What we got appropriate and incorrect in coverage of the Paris attacks | Open door

Candles in the colours of the French flag outdoors the Bataclan concert hall, a single of the web sites of the terrorist attacks in Paris on 13 November. They had been lit in a ceremony to spend tribute to victims that was held on Friday, a week after the bombings and shootings. Photograph: Christian Hartmann/Reuters

While it is invidious to rank the bombings and shootings in Paris that killed 130 people against other terrorist attacks, it is undoubtedly one of the most significant in Europe in current years.

For any news organisation to give full and acceptable coverage to acts so devastating is a challenge. As with 9/11 in the US or 7/7 in the UK, reporting is most likely to appear beyond the physical blows to a lot of other parts of the nation’s life.

There are aspects of the substantial coverage provided by the Guardian to the attacks that I believe show an interesting shift in each the journalism and how it has been received by readers, especially on-line.

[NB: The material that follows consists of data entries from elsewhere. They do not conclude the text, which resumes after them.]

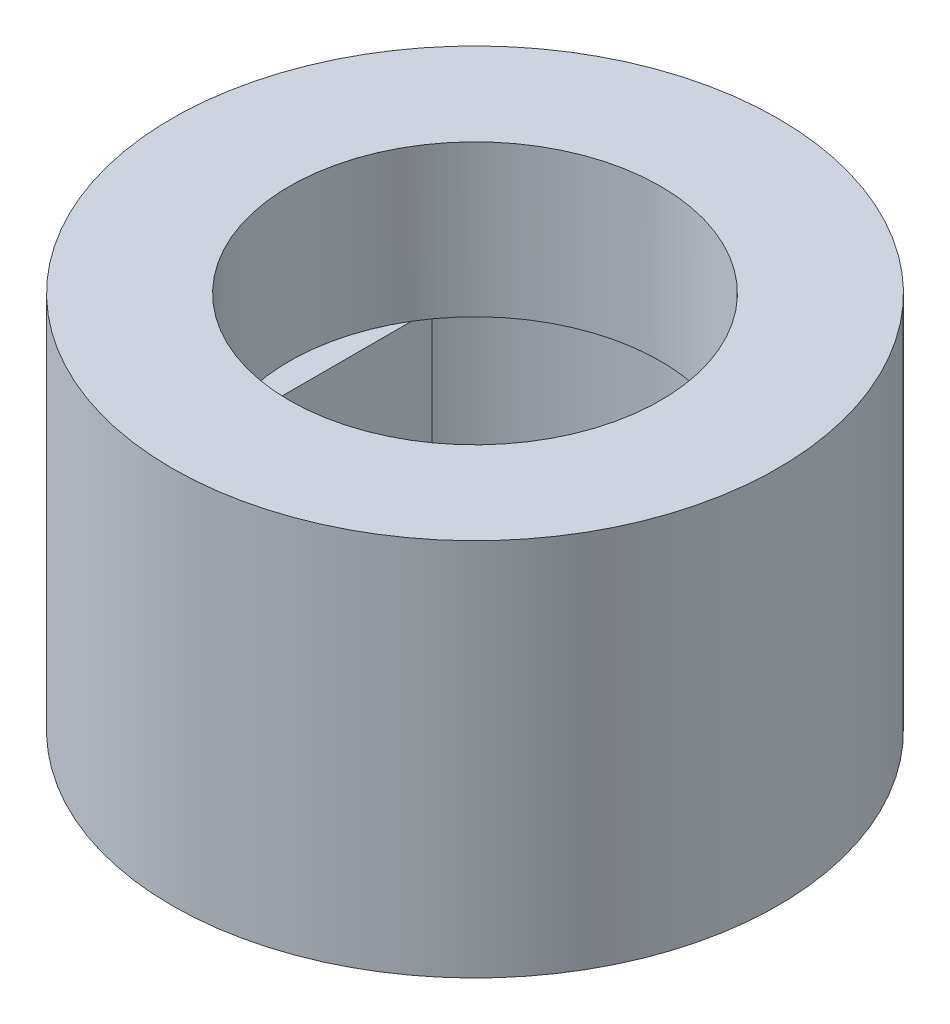
ISO-10303-21;
HEADER;
FILE_DESCRIPTION(('STEP AP214'),'2;1');
FILE_NAME('part.step','',(''),(''),'','','');
FILE_SCHEMA(('AUTOMOTIVE_DESIGN { 1 0 10303 214 1 1 1 1 }'));
ENDSEC;
DATA;
#1=APPLICATION_CONTEXT('core data for automotive mechanical design processes');
#2=APPLICATION_PROTOCOL_DEFINITION('international standard','automotive_design',2000,#1);
#3=PRODUCT_CONTEXT('',#1,'mechanical');
#4=PRODUCT('Part','Part','',(#3));
#5=PRODUCT_RELATED_PRODUCT_CATEGORY('part','',(#4));
#6=PRODUCT_DEFINITION_FORMATION('','',#4);
#7=PRODUCT_DEFINITION_CONTEXT('part definition',#1,'design');
#8=PRODUCT_DEFINITION('design','',#6,#7);
#9=PRODUCT_DEFINITION_SHAPE('','',#8);
#10=(LENGTH_UNIT() NAMED_UNIT(*) SI_UNIT(.MILLI.,.METRE.));
#11=(NAMED_UNIT(*) PLANE_ANGLE_UNIT() SI_UNIT($,.RADIAN.));
#12=(NAMED_UNIT(*) SI_UNIT($,.STERADIAN.) SOLID_ANGLE_UNIT());
#13=UNCERTAINTY_MEASURE_WITH_UNIT(LENGTH_MEASURE(1.E-05),#10,'distance_accuracy_value','');
#14=(GEOMETRIC_REPRESENTATION_CONTEXT(3) GLOBAL_UNCERTAINTY_ASSIGNED_CONTEXT((#13)) GLOBAL_UNIT_ASSIGNED_CONTEXT((#10,
#11,#12)) REPRESENTATION_CONTEXT('',''));
#15=CARTESIAN_POINT('',(0.,0.,0.));
#16=DIRECTION('',(0.,0.,1.));
#17=DIRECTION('',(1.,0.,0.));
#18=AXIS2_PLACEMENT_3D('',#15,#16,#17);
#19=CARTESIAN_POINT('',(0.,0.,0.));
#20=DIRECTION('',(0.,1.,0.));
#21=DIRECTION('',(0.,0.,1.));
#22=AXIS2_PLACEMENT_3D('',#19,#20,#21);
#23=PLANE('',#22);
#24=CARTESIAN_POINT('',(0.,0.,0.));
#25=DIRECTION('',(0.,1.,0.));
#26=DIRECTION('',(0.,0.,1.));
#27=AXIS2_PLACEMENT_3D('',#24,#25,#26);
#28=CIRCLE('',#27,5.08);
#29=CARTESIAN_POINT('',(0.,0.,5.08));
#30=VERTEX_POINT('',#29);
#31=EDGE_CURVE('E43',#30,#30,#28,.T.);
#32=ORIENTED_EDGE('',*,*,#31,.F.);
#33=EDGE_LOOP('',(#32));
#34=FACE_BOUND('',#33,.T.);
#35=CARTESIAN_POINT('',(0.,0.,0.));
#36=DIRECTION('',(0.,1.,0.));
#37=DIRECTION('',(0.,0.,1.));
#38=AXIS2_PLACEMENT_3D('',#35,#36,#37);
#39=CIRCLE('',#38,3.302);
#40=CARTESIAN_POINT('',(-2.667,0.,1.946873134028));
#41=VERTEX_POINT('',#40);
#42=CARTESIAN_POINT('',(-2.667,0.,-1.946873134028));
#43=VERTEX_POINT('',#42);
#44=EDGE_CURVE('E62',#41,#43,#39,.T.);
#45=ORIENTED_EDGE('',*,*,#44,.T.);
#46=DIRECTION('',(0.,0.,-1.));
#47=VECTOR('',#46,1.);
#48=CARTESIAN_POINT('',(-2.667,0.,0.));
#49=LINE('',#48,#47);
#50=EDGE_CURVE('E109',#41,#43,#49,.T.);
#51=ORIENTED_EDGE('',*,*,#50,.F.);
#52=EDGE_LOOP('',(#45,#51));
#53=FACE_BOUND('',#52,.T.);
#54=ADVANCED_FACE('F39',(#34,#53),#23,.F.);
#55=CARTESIAN_POINT('',(0.,6.35,0.));
#56=DIRECTION('',(0.,-1.,0.));
#57=DIRECTION('',(0.,0.,-1.));
#58=AXIS2_PLACEMENT_3D('',#55,#56,#57);
#59=CYLINDRICAL_SURFACE('',#58,5.08);
#60=CARTESIAN_POINT('',(0.,6.35,0.));
#61=DIRECTION('',(0.,1.,0.));
#62=DIRECTION('',(0.,0.,1.));
#63=AXIS2_PLACEMENT_3D('',#60,#61,#62);
#64=CIRCLE('',#63,5.08);
#65=CARTESIAN_POINT('',(0.,6.35,5.08));
#66=VERTEX_POINT('',#65);
#67=EDGE_CURVE('E11',#66,#66,#64,.T.);
#68=ORIENTED_EDGE('',*,*,#67,.F.);
#69=EDGE_LOOP('',(#68));
#70=FACE_BOUND('',#69,.T.);
#71=ORIENTED_EDGE('',*,*,#31,.T.);
#72=EDGE_LOOP('',(#71));
#73=FACE_BOUND('',#72,.T.);
#74=ADVANCED_FACE('F41',(#70,#73),#59,.T.);
#75=CARTESIAN_POINT('',(0.,6.35,0.));
#76=DIRECTION('',(0.,1.,0.));
#77=DIRECTION('',(0.,0.,1.));
#78=AXIS2_PLACEMENT_3D('',#75,#76,#77);
#79=PLANE('',#78);
#80=CARTESIAN_POINT('',(0.,6.35,0.));
#81=DIRECTION('',(0.,1.,0.));
#82=DIRECTION('',(0.,0.,1.));
#83=AXIS2_PLACEMENT_3D('',#80,#81,#82);
#84=CIRCLE('',#83,3.1115);
#85=CARTESIAN_POINT('',(0.,6.35,3.1115));
#86=VERTEX_POINT('',#85);
#87=EDGE_CURVE('E80',#86,#86,#84,.T.);
#88=ORIENTED_EDGE('',*,*,#87,.F.);
#89=EDGE_LOOP('',(#88));
#90=FACE_BOUND('',#89,.T.);
#91=ORIENTED_EDGE('',*,*,#67,.T.);
#92=EDGE_LOOP('',(#91));
#93=FACE_BOUND('',#92,.T.);
#94=ADVANCED_FACE('F117',(#90,#93),#79,.T.);
#95=CARTESIAN_POINT('',(0.,3.81,0.));
#96=DIRECTION('',(0.,-1.,0.));
#97=DIRECTION('',(0.,0.,-1.));
#98=AXIS2_PLACEMENT_3D('',#95,#96,#97);
#99=CYLINDRICAL_SURFACE('',#98,3.302);
#100=ORIENTED_EDGE('',*,*,#44,.F.);
#101=DIRECTION('',(0.,-1.,0.));
#102=VECTOR('',#101,1.);
#103=CARTESIAN_POINT('',(-2.667,3.81,1.946873134028));
#104=LINE('',#103,#102);
#105=CARTESIAN_POINT('',(-2.667,3.81,1.946873134028));
#106=VERTEX_POINT('',#105);
#107=EDGE_CURVE('E101',#106,#41,#104,.T.);
#108=ORIENTED_EDGE('',*,*,#107,.F.);
#109=CARTESIAN_POINT('',(0.,3.81,0.));
#110=DIRECTION('',(0.,1.,0.));
#111=DIRECTION('',(0.,0.,1.));
#112=AXIS2_PLACEMENT_3D('',#109,#110,#111);
#113=CIRCLE('',#112,3.302);
#114=CARTESIAN_POINT('',(-2.667,3.81,-1.946873134028));
#115=VERTEX_POINT('',#114);
#116=EDGE_CURVE('E99',#106,#115,#113,.T.);
#117=ORIENTED_EDGE('',*,*,#116,.T.);
#118=DIRECTION('',(0.,-1.,0.));
#119=VECTOR('',#118,1.);
#120=CARTESIAN_POINT('',(-2.667,3.81,-1.946873134028));
#121=LINE('',#120,#119);
#122=EDGE_CURVE('E103',#115,#43,#121,.T.);
#123=ORIENTED_EDGE('',*,*,#122,.T.);
#124=EDGE_LOOP('',(#100,#108,#117,#123));
#125=FACE_BOUND('',#124,.T.);
#126=ADVANCED_FACE('F120',(#125),#99,.F.);
#127=CARTESIAN_POINT('',(-2.667,3.81,0.));
#128=DIRECTION('',(-1.,0.,0.));
#129=DIRECTION('',(0.,0.,1.));
#130=AXIS2_PLACEMENT_3D('',#127,#128,#129);
#131=PLANE('',#130);
#132=ORIENTED_EDGE('',*,*,#50,.T.);
#133=ORIENTED_EDGE('',*,*,#122,.F.);
#134=DIRECTION('',(0.,0.,-1.));
#135=VECTOR('',#134,1.);
#136=CARTESIAN_POINT('',(-2.667,3.81,0.));
#137=LINE('',#136,#135);
#138=CARTESIAN_POINT('',(-2.667,3.81,-1.60266754194374));
#139=VERTEX_POINT('',#138);
#140=EDGE_CURVE('E93',#139,#115,#137,.T.);
#141=ORIENTED_EDGE('',*,*,#140,.F.);
#142=CARTESIAN_POINT('',(-2.667,3.81,1.60266754194374));
#143=VERTEX_POINT('',#142);
#144=EDGE_CURVE('E85',#143,#139,#137,.T.);
#145=ORIENTED_EDGE('',*,*,#144,.F.);
#146=EDGE_CURVE('E91',#106,#143,#137,.T.);
#147=ORIENTED_EDGE('',*,*,#146,.F.);
#148=ORIENTED_EDGE('',*,*,#107,.T.);
#149=EDGE_LOOP('',(#132,#133,#141,#145,#147,#148));
#150=FACE_BOUND('',#149,.T.);
#151=ADVANCED_FACE('F90',(#150),#131,.F.);
#152=CARTESIAN_POINT('',(0.,3.81,0.));
#153=DIRECTION('',(0.,1.,0.));
#154=DIRECTION('',(0.,0.,1.));
#155=AXIS2_PLACEMENT_3D('',#152,#153,#154);
#156=PLANE('',#155);
#157=ORIENTED_EDGE('',*,*,#146,.T.);
#158=CARTESIAN_POINT('',(0.,3.81,0.));
#159=DIRECTION('',(0.,1.,0.));
#160=DIRECTION('',(0.,0.,1.));
#161=AXIS2_PLACEMENT_3D('',#158,#159,#160);
#162=CIRCLE('',#161,3.1115);
#163=EDGE_CURVE('E73',#143,#139,#162,.T.);
#164=ORIENTED_EDGE('',*,*,#163,.T.);
#165=ORIENTED_EDGE('',*,*,#140,.T.);
#166=ORIENTED_EDGE('',*,*,#116,.F.);
#167=EDGE_LOOP('',(#157,#164,#165,#166));
#168=FACE_BOUND('',#167,.T.);
#169=ADVANCED_FACE('F97',(#168),#156,.F.);
#170=CARTESIAN_POINT('',(0.,3.81,0.));
#171=DIRECTION('',(0.,1.,0.));
#172=DIRECTION('',(0.,0.,1.));
#173=AXIS2_PLACEMENT_3D('',#170,#171,#172);
#174=PLANE('',#173);
#175=ORIENTED_EDGE('',*,*,#144,.T.);
#176=EDGE_CURVE('E54',#139,#143,#162,.T.);
#177=ORIENTED_EDGE('',*,*,#176,.T.);
#178=EDGE_LOOP('',(#175,#177));
#179=FACE_BOUND('',#178,.T.);
#180=ADVANCED_FACE('F84',(#179),#174,.T.);
#181=CARTESIAN_POINT('',(0.,3.81,0.));
#182=DIRECTION('',(0.,1.,0.));
#183=DIRECTION('',(0.,0.,1.));
#184=AXIS2_PLACEMENT_3D('',#181,#182,#183);
#185=CYLINDRICAL_SURFACE('',#184,3.1115);
#186=ORIENTED_EDGE('',*,*,#176,.F.);
#187=ORIENTED_EDGE('',*,*,#163,.F.);
#188=EDGE_LOOP('',(#186,#187));
#189=FACE_BOUND('',#188,.T.);
#190=ORIENTED_EDGE('',*,*,#87,.T.);
#191=EDGE_LOOP('',(#190));
#192=FACE_BOUND('',#191,.T.);
#193=ADVANCED_FACE('F74',(#189,#192),#185,.F.);
#194=CLOSED_SHELL('',(#54,#74,#94,#126,#151,#169,#180,#193));
#195=MANIFOLD_SOLID_BREP('B2',#194);
#196=ADVANCED_BREP_SHAPE_REPRESENTATION('',(#18,#195),#14);
#197=SHAPE_DEFINITION_REPRESENTATION(#9,#196);
ENDSEC;
END-ISO-10303-21;

I believe it is substantial that at the time of writing the readers’ editor’s workplace has received a relatively modest number of emails commenting on the coverage, just 70. These have undoubtedly integrated complaints – I will return to them later – but numerous were straightforward observations, recommendations or even praise.

Some of the complaints have been from folks who received a Saturday paper that had no news of the events in Paris the night just before. The 1st reports came through too late for our 1st edition, which is printed at around 9pm for the west nation and Scotland. As the scale of the attacks became apparent we ran a particular “slip” edition at 11pm, and by the end of the evening 63% of all the papers we printed carried coverage of the attacks. We sold 10,000 added copies on Saturday.

At the heart of the online coverage has been the live blog, a technique of telling a story that fuses original reporting, aggregated news and comment, which can seem as well breathless if not written with care and restraint.

“Never incorrect for long” is not an proper maxim when millions of people are seeking dependable details in a fog of rumour and claim alongside counterclaim.

A series of daily live blogs rotated about the clock through Guardian offices in London, New York and Sydney. A crucial aspect of the way they have been approached was the clear delineation among what was in fact identified and what was getting reported but was unverified.

The reside blogs ran constantly for a week soon after the attacks, and the response from readers was extraordinary. On Friday 13 November, the evening of the attacks, between the initial post at 9.24pm and midnight (UK time) the 1st live weblog was responsible for two.7m web page views. It went on to achieve one more 4m web page views on the Saturday – when there were a total of 13m page views for 75 things of content material on the Paris attacks launched that day.

Readers’ suspicions are often aroused when comments are not opened on a story. Very few stories about the Paris attacks had comments enabled more than the weekend. This was since there were quite few moderators and, regrettably, a considerable quantity of men and women who wanted to leave Islamophobic comments, alongside the many others who wanted to engage in legitimate debate. More than two,500 comments had been posted on an early opinion piece by Natalie Nougayrède.

Photographs are, of course, one more sensitive issue. By Saturday the staff on the image desk were reviewing 13,300 pictures. Roger Tooth, the head of photography, stated: “We did our best to keep away from bodies, and pixelated two faces of victims. We did keep away from employing video of a body getting dragged along an alley next to the club.”

On the Opinion pages, one particular factor taken into consideration was timing – judging when readers would be willing to engage with an concept that in the 1st 24 hours soon after the attacks might have jarred. The idea that these horrific attacks have causes and that one particular of those causes might be the west’s policies is something that in the quick aftermath may inspire anger. Three days later, it’s a point of view that need to be heard.

Among the complaints had been some goods points, many of them about language. For instance, numerous readers objected to the use of the word “mastermind” to describe Abdelhamid Abaaoud, as it appears to celebrate his achievements. I agree. Others have been concerned that we had provided insufficient prominence to the bombings in Beirut on 12 November, which killed 43 men and women.

1 reader was disappointed that a feature on the Muslim victims of the attack opened with this sentence when it was first published on the net: “Their Muslim faith did not spare them from the terrorists’ bullets.” The reader wrote: “I wonder what the writer was attempting to convey in the lead. Certainly this was not a selective attack, and surely it was not the intention of the attackers to only kill men and women of 1 faith. Victims of terror usually come from a wide cross-section of society, it hurts and hits everyone. So even though you would be proper to carry a story saying Muslims also had been amongst those killed, in my view it is a bit insensitive to say their faith did not or could not save them. They were certainly not hoping it would, and I guess we know that it does not.”

I agree, and so did editors when the point was created to them. That line was removed inside hours and was not in print editions.

Journalists naturally want to be 1st with the news, but they have to balance that urge with the restraint needed to separate truth from speculation, specifically in a digital age. So far, I believe the Guardian has accomplished a excellent job in showing that restraint.